** Data to use follows **
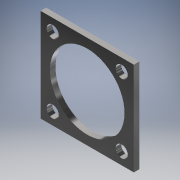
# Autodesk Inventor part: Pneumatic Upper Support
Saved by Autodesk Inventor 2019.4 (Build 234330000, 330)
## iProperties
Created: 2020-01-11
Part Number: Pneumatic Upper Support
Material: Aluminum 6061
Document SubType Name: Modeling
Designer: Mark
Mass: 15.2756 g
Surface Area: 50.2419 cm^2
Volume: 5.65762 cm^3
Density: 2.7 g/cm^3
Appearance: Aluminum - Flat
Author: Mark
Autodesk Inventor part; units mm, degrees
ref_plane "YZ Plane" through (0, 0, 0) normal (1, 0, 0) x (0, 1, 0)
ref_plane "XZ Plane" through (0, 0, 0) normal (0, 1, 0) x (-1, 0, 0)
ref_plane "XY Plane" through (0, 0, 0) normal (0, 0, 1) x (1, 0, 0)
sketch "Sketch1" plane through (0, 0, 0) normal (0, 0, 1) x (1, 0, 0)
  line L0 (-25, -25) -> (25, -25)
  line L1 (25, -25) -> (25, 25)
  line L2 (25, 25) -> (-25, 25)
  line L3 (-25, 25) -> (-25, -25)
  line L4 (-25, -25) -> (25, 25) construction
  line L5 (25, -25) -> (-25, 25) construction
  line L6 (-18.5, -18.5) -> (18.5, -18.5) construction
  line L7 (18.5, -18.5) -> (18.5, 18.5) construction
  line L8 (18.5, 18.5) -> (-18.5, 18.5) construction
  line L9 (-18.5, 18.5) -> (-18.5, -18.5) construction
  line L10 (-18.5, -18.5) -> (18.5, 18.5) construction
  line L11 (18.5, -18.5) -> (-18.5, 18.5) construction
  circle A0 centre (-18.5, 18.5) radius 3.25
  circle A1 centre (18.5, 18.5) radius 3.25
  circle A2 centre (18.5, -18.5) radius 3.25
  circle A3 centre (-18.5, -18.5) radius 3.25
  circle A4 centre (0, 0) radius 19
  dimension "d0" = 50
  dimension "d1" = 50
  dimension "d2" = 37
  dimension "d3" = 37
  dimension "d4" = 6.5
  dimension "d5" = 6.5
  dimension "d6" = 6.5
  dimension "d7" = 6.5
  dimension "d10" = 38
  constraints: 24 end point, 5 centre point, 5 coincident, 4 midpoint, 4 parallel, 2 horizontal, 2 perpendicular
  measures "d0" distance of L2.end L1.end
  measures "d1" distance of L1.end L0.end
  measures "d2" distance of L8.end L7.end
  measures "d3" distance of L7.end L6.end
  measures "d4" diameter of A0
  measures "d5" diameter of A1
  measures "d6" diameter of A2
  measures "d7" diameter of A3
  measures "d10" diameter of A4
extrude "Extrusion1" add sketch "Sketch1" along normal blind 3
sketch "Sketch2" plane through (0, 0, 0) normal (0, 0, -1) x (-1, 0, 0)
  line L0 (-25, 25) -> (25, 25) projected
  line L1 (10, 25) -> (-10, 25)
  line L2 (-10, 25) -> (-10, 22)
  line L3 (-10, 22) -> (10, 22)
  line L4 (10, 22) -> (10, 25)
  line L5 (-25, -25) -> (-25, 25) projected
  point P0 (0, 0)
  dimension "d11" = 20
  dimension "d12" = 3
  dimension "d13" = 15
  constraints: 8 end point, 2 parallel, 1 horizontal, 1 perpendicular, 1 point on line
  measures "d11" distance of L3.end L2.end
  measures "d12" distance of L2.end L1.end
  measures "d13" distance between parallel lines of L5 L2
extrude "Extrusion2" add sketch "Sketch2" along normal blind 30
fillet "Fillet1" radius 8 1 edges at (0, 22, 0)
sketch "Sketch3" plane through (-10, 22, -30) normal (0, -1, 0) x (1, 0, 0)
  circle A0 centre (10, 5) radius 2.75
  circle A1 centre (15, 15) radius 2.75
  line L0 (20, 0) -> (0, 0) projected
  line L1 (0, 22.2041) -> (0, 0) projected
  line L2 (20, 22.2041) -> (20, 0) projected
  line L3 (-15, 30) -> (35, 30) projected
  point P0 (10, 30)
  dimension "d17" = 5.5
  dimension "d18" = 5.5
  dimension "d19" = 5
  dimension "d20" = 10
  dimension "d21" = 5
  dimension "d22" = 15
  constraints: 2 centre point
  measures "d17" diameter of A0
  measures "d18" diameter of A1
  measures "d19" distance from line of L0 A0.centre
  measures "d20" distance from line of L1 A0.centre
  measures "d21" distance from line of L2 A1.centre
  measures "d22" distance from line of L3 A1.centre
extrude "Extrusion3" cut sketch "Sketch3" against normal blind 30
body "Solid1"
** End of Data to use **
Search the entries for the word "circle". Copy each line where it appears.

* **Exercise answer**
  circle A0 centre (-18.5, 18.5) radius 3.25
  circle A1 centre (18.5, 18.5) radius 3.25
  circle A2 centre (18.5, -18.5) radius 3.25
  circle A3 centre (-18.5, -18.5) radius 3.25
  circle A4 centre (0, 0) radius 19
  circle A0 centre (10, 5) radius 2.75
  circle A1 centre (15, 15) radius 2.75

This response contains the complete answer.